# Work out average price paid



## McMark (4 July 2008)

just wondering if anyone can help out a mathematical genius like myself
(NOOOT)
IF I purchased 4000 shares at .786 and then purchased 3000 shares off 
the same company for .656, How would I work out the average price
that I had paid so that i can enter that in my commsec position summary page
cheers


----------



## Crafty (4 July 2008)

Divide total cost by total amount of shares...

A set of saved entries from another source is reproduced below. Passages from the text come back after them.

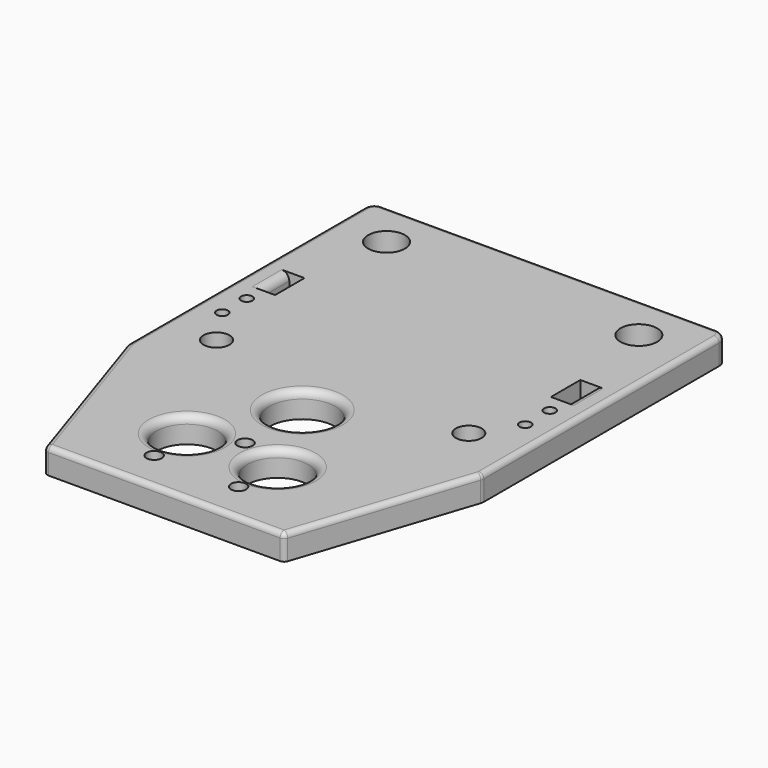
from build123d import *

# Parameters (mm, degrees)
F0_R     = 1.5
F0_R_2   = 6
F0_R_3   = 2.55
F0_R_4   = 6.5
F0_R_5   = 1.125
F0_W     = 3
F0_H     = 7.25
F0_R_6   = 3.625
F1_DEPTH = 5
F2_R     = 1.5
F3_R     = 1.5
F4_SIZE  = 1.5
F5_SIZE  = 1.5
F7_R     = 1


# Not quite as in the source:
# - a fillet or chamfer that OpenCascade refuses, or shapes differently, is made with other operations: its cross-section is extruded or revolved along the edge and cut away or added


with BuildPart() as f1:
    # F0 (on Top) → F1 (new body)
    with BuildSketch(Plane.XY):
        with BuildLine():
            Line((33, 31.9801117687), (0, 31.9801117687))
            Line((0, 31.9801117687), (-33, 31.9801117687))
            ThreePointArc((-33, 31.9801117687), (-34.4142135624, 31.3943253311), (-35, 29.9801117687))
            Line((-35, 29.9801117687), (-35, 0))
            Line((-35, 0), (-35, -28.0198882313))
            ThreePointArc((-35, -28.0198882313), (-34.9746687808, -28.337194402), (-34.899316794, -28.6464628206))
            Line((-34.899316794, -28.6464628206), (-23.5597051086, -63.0198882313))
            Line((-23.5597051086, -63.0198882313), (0, -63.0198882313))
            Line((0, -63.0198882313), (23.5597051086, -63.0198882313))
            Line((23.5597051086, -63.0198882313), (34.899316794, -28.6464628206))
            ThreePointArc((34.899316794, -28.6464628206), (34.9746687808, -28.337194402), (35, -28.0198882313))
            Line((35, -28.0198882313), (35, 0))
            Line((35, 0), (35, 29.9801117687))
            ThreePointArc((35, 29.9801117687), (34.4142135624, 31.3943253311), (33, 31.9801117687))
        make_face()
        with Locations((-8.325, -55.1198882313)):
            Circle(F0_R, mode=Mode.SUBTRACT)
        with Locations((-8.95, -46.2698882313)):
            Circle(F0_R_2, mode=Mode.SUBTRACT)
        with Locations((-24.875, -19.0698882313)):
            Circle(F0_R_3, mode=Mode.SUBTRACT)
        with Locations((8.325, -55.1198882313)):
            Circle(F0_R, mode=Mode.SUBTRACT)
        with Locations((0, -43.1198882313)):
            Circle(F0_R, mode=Mode.SUBTRACT)
        with Locations((8.95, -46.2698882313)):
            Circle(F0_R_2, mode=Mode.SUBTRACT)
        with Locations((0, -29.0198882313)):
            Circle(F0_R_4, mode=Mode.SUBTRACT)
        with Locations((24.875, -19.0698882313)):
            Circle(F0_R_3, mode=Mode.SUBTRACT)
        with Locations((-29.875, -11.3948882313)):
            Circle(F0_R_5, mode=Mode.SUBTRACT)
        with Locations((-29.875, -5.3448882313)):
            Circle(F0_R_5, mode=Mode.SUBTRACT)
        with Locations((-28.7, 1.9051117687)):
            Rectangle(F0_W, F0_H, mode=Mode.SUBTRACT)
        with Locations((-24.875, 22.8551117687)):
            Circle(F0_R_6, mode=Mode.SUBTRACT)
        with Locations((29.875, -11.3948882313)):
            Circle(F0_R_5, mode=Mode.SUBTRACT)
        with Locations((29.875, -5.3448882313)):
            Circle(F0_R_5, mode=Mode.SUBTRACT)
        with Locations((28.7, 1.9051117687)):
            Rectangle(F0_W, F0_H, mode=Mode.SUBTRACT)
        with Locations((24.875, 22.8551117687)):
            Circle(F0_R_6, mode=Mode.SUBTRACT)
    extrude(amount=F1_DEPTH)

    # F2
    f2_edges = [f1.edges().sort_by_distance(p)[0] for p in [
        (30.2, 1.905112, 5),
    ]]
    fillet(f2_edges, radius=F2_R)

    # F3
    f3_edges = [f1.edges().sort_by_distance(p)[0] for p in [
        (-30.2, 1.905112, 5),
    ]]
    fillet(f3_edges, radius=F3_R)

    # F4
    f4_edges = [f1.edges().sort_by_distance(p)[0] for p in [
        (30.2, 1.905112, 0),
    ]]
    chamfer(f4_edges, length=F4_SIZE)

    # F5
    f5_edges = [f1.edges().sort_by_distance(p)[0] for p in [
        (-30.2, 1.905112, 0),
    ]]
    chamfer(f5_edges, length=F5_SIZE)

    # F6: fillet of radius 1.5 on 3 edges, made by hand

    # F6_s1 → F6_t2 (revolve, cut)
    with BuildSketch(Plane.XZ.offset(29.0198882313)):
        with BuildLine():
            ThreePointArc((6.5, 3.5), (6.9393398282, 4.5606601718), (8, 5))
            Line((8, 5), (6.5, 5))
            Line((6.5, 5), (6.5, 3.5))
        make_face()
    revolve(axis=Axis((0, -29.0198882313, 5), (0, 0, 1)), mode=Mode.SUBTRACT)

    # F6_s3 → F6_t4 (revolve, cut)
    with BuildSketch(Plane.XZ.offset(46.2698882313)):
        with BuildLine():
            ThreePointArc((-2.95, 3.5), (-2.5106601718, 4.5606601718), (-1.45, 5))
            Line((-1.45, 5), (-2.95, 5))
            Line((-2.95, 5), (-2.95, 3.5))
        make_face()
    revolve(axis=Axis((-8.95, -46.2698882313, 5), (0, 0, 1)), mode=Mode.SUBTRACT)

    # F6_s5 → F6_t6 (revolve, cut)
    with BuildSketch(Plane.XZ.offset(46.2698882313)):
        with BuildLine():
            ThreePointArc((14.95, 3.5), (15.3893398282, 4.5606601718), (16.45, 5))
            Line((16.45, 5), (14.95, 5))
            Line((14.95, 5), (14.95, 3.5))
        make_face()
    revolve(axis=Axis((8.95, -46.2698882313, 5), (0, 0, 1)), mode=Mode.SUBTRACT)

    # F7
    f7_edges = [f1.edges().sort_by_distance(p)[0] for p in [
        (29.229511, -45.833176, 5),
        (0, -63.019888, 5),
        (23.559705, -63.019888, 2.5),
        (-23.559705, -63.019888, 2.5),
        (34.974669, -28.337194, 5),
        (-34.974669, -28.337194, 5),
        (0, 31.980112, 5),
        (-34.414214, 31.394325, 5),
        (-35, 0.980112, 5),
        (-29.229511, -45.833176, 5),
        (35, 0.980112, 5),
        (34.414214, 31.394325, 5),
    ]]
    fillet(f7_edges, radius=F7_R)


solid = f1.part

e.g.   $5112/7000 Shares = Avg Price  $.730


----------



## doctorj (4 July 2008)

Average price paid = total $ paid for all parcels / total number held....


----------



## subaru69 (4 July 2008)

I think this is right..

Add the 2 purchace prices together
(4000* 0.786= 3144) + (3000* 0.656= 1968) = 5112

Then divide by total no. of shares, ie 7000

Answer = 0.7303

I've added an extra digit to the answer so I feel like my time was well spent B-)


----------



## McMark (4 July 2008)

Fantastic
thank you heaps
cheers


----------



## Julia (4 July 2008)

Doesn't Comsec offer you the option of "Average View" on your portfolio screen?  Should be no need to work it out manually.


----------



## disarray (4 July 2008)

westpac and ib show average cost as well. i think most brokers would report position statements this way.


----------